山形県大石田町は、歌人・斎藤茂吉が戦後の一時期を過ごし、後期の傑作とされる歌集「白き山」を生んだ地である。最上川が南北に流れる雪深い盆地に広がるこの町には、茂吉が暮らした家や墓、歌碑が残り、舟運の歴史を伝える建造物も点在する。
茂吉が暮らした「聴禽書屋」と最上川
大石田駅から向かったのは、茂吉が自ら名付けて住んだ「聴禽書屋」。隣接する町立歴史民俗資料館の学芸員、大谷俊継さんによると、大石田は江戸初期から最上川の舟運の中継拠点として開発され、「最盛期の元禄期にやってきたのが松尾芭蕉だった」という。当地で地元の俳人らと巻いた歌仙の発句を基に「五月雨をあつめて早し最上川」は生まれた。
書屋の中には、窓際の棚に円形の黒いしみがある。小用が近かった茂吉は、部屋にバケツを常備し、円形は「極楽」と呼んだそれを洗って置いてできた痕跡という。茂吉の暮らしぶりがしのばれる。
「白き山」と大石田の風景
茂吉は大石田で850首を詠み、歌集「白き山」にまとめた。「最上川の上空にして残れるはいまだうつくしき虹の断片」の歌碑が立つ虹ヶ丘公園の展望台からは、ゆるやかに蛇行する最上川と、盆地だと分かるぐるりの山々が望める。歌人を再生させたに違いない風景が広がる。

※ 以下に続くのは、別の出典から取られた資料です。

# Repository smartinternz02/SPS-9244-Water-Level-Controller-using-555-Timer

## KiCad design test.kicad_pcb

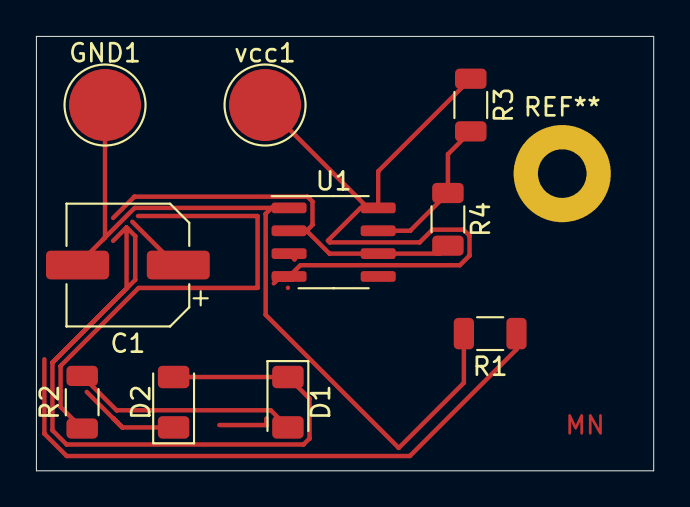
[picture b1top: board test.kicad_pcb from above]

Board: 2 copper layers, 34.3 x 24.1 mm, 10 parts (0 on the bottom side), 7 nets.

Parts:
C1: 10ufd/16V; CP_Elec_6.3x5.2
D1, D2: LED; LED_1206_3216Metric
GND1: GND; TestPoint_Pad_D4.0mm
R1, R2: 470E 1206; R_1206_3216Metric
R3, R4: 150K 1206; R_1206_3216Metric
U1: LM555; SOIC-8_3.9x4.9mm_P1.27mm
vcc1: +9v vcc; TestPoint_Pad_D4.0mm

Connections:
/THRTRG: C1.1, R4.2, U1.2, U1.6
/vcc: R2.1, R3.1, U1.4, U1.8, vcc1.1
GNDREF: C1.2, GND1.1, R1.2, U1.1
unnamed: D1.1, D2.2, U1.3
unnamed: D1.2, R2.2
unnamed: D2.1, R1.1
unnamed: R3.2, R4.1, U1.7
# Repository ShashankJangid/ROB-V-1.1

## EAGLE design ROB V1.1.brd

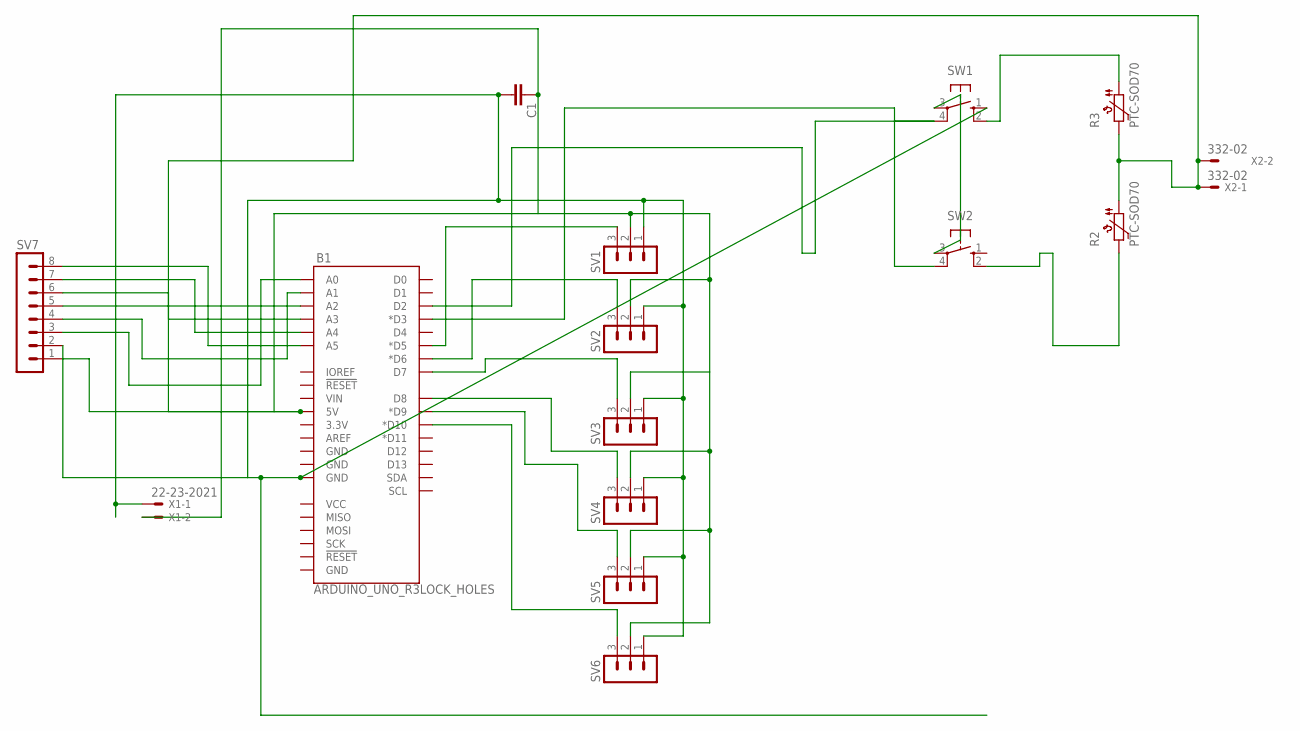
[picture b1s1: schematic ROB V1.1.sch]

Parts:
B1: ARDUINO_UNO_R3LOCK_HOLES; ARDUINO_R3_LOCK_HOLES
C1: C2.5/2; C2.5-2
R2, R3: PTC-SOD70; SOD70
SV1, SV2, SV3, SV4, SV5, SV6: MA03-1
SV7: MA08-1
SW1, SW2: 10-XX; B3F-10XX
X1: 22-23-2021
X2: 332-02

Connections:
5V: B1.5V, C1.1, R2.1, R3.2, SV1.2, SV2.2, SV3.2, SV4.2, SV5.2, SV6.2, SV7.1, X1.2, X2.1, X2.2
D2: B1.D2, SW1.4 (P1)
D3: B1.D3 (*D3), SW2.4 (P1)
D5: B1.D5 (*D5), SV1.3
D6: B1.D6 (*D6), SV2.3
D7: B1.D7, SV3.3
D8: B1.D8, SV4.3
D9: B1.D9 (*D9), SV5.3
D10: B1.D10 (*D10), SV6.3
GND: B1.GND@2 (GND), C1.2, SV1.1, SV2.1, SV3.1, SV4.1, SV5.1, SV6.1, SV7.2, SW1.1 (S), X1.1
unnamed: B1.A5, SV7.8
unnamed: B1.A4, SV7.7
unnamed: B1.A3, SV7.6
unnamed: B1.A2, SV7.5
unnamed: B1.A1, SV7.4
unnamed: R3.1, SW1.2 (S1)
unnamed: B1.A0, SV7.3
S-R: R2.2, SW2.2 (S1)
S-S: SW1.3, SW2.3

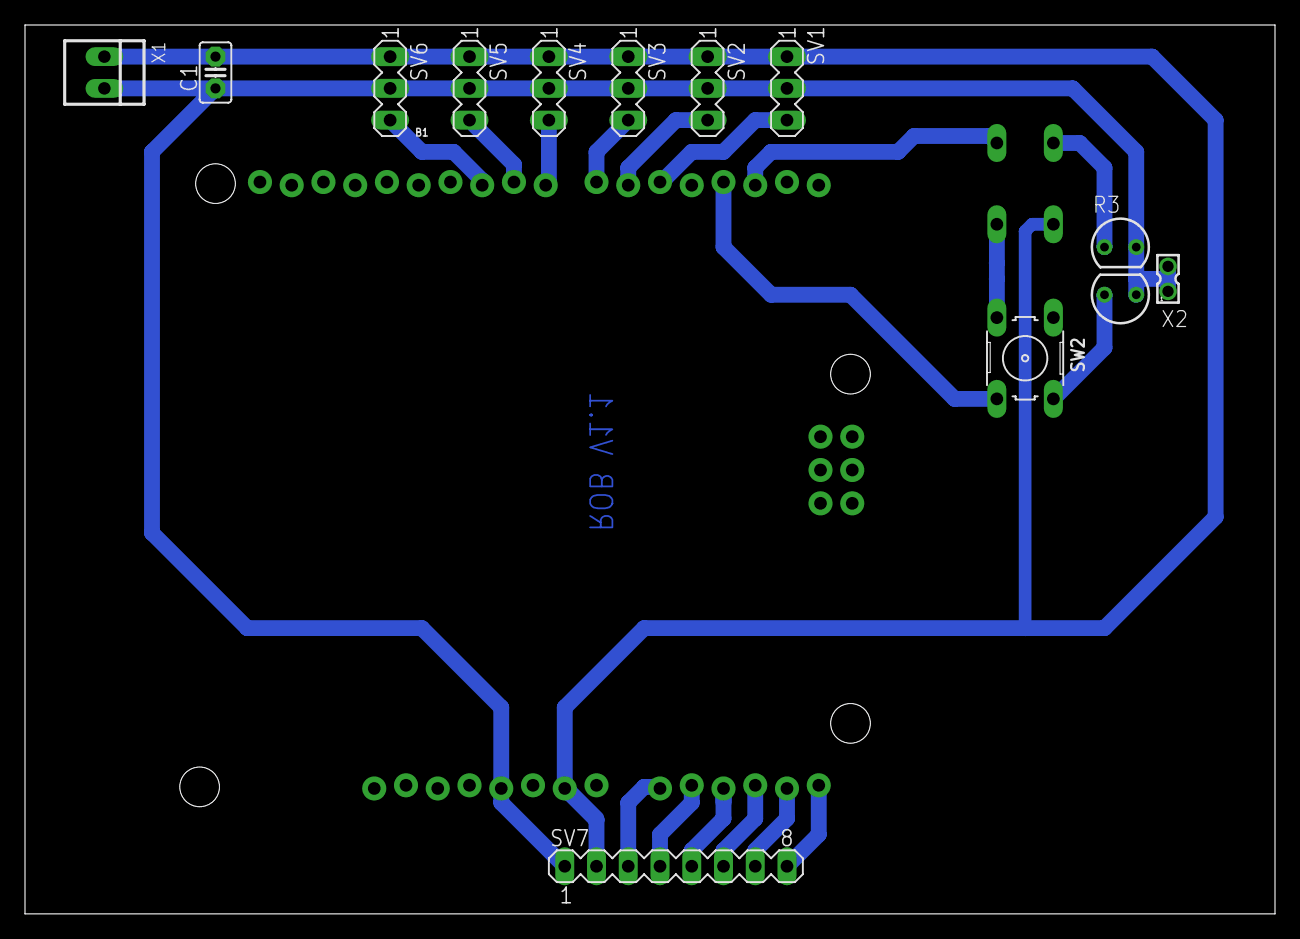
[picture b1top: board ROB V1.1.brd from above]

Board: 2 copper layers, 100.0 x 71.1 mm, 15 parts (1 on the bottom side), 19 nets.

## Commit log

2025-09-23 Add files via upload
    First Controlling Servo with the Potentiometer
2025-09-23 Create Using_Arrays_for_servo
    67-line code to just 17 lines by using arrays for servos, Potentiometer Pin and Delays
2025-09-23 Update Using_Arrays_for_servo
2025-09-24 Create ROB V1.1 With Record and Play Button
    Create ROB V1.1 With Record and Play Button
2025-09-26 Update ROB V1.1 With Record and Play Button
2025-09-28 Schematic and Board File for ROB V 1.1
    Schematic and Board File for ROB V 1.1

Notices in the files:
parts and their libraries:
Arduino Uno: Licensing: Creative Commons ShareAlike 4.0 International - https://creativecommons.org/licenses/by-sa/4.0

「虹の断片」の歌は、町の中心部にある大橋を渡っていた時、川上にかかった虹に取材したものだ。大橋は近年中に架け替えられると聞く。茂吉の世話役を務めた門人、板垣家子夫の孫にあたる板垣知明さん(69)が教えてくれた。
舟運の歴史と茂吉ゆかりの寺
大橋に近い乗舩寺には、青山霊園、故郷・金瓶の宝泉寺に加えて三つ目の茂吉の墓がある。約2メートルもある釈迦如来涅槃像は、京の仏師の作と推定され、安達良信住職によれば「山形に運ばれるはずだったが、重くなって運べず」この寺に安置されたと伝わる。舟運の地ならではの逸話だ。
舟運文化を支えた仕事に触れるなら、町役場近くの「桂桜会館」展示室が充実している。船大工の道具、左官の道具、鏝絵の解説、川を行き交った舟の模型などが展示されている。板垣さんは、芭蕉も訪れた黒瀧山向川寺や、上山市での昭和天皇ご進講について思案した今宿薬師堂など、茂吉ゆかりの場所も案内してくれた。
次年子窯と大石田のそば
町の西側、次年子地区にある次年子窯では、高橋廣道さん(55)が廃校になった小学校の十四角形の校舎を再利用した工房で、温泉などで見かける陶器の浴槽を作っている。雪に閉ざされた静けさの中で集中できる冬は特に「物作りに適した場所」だという。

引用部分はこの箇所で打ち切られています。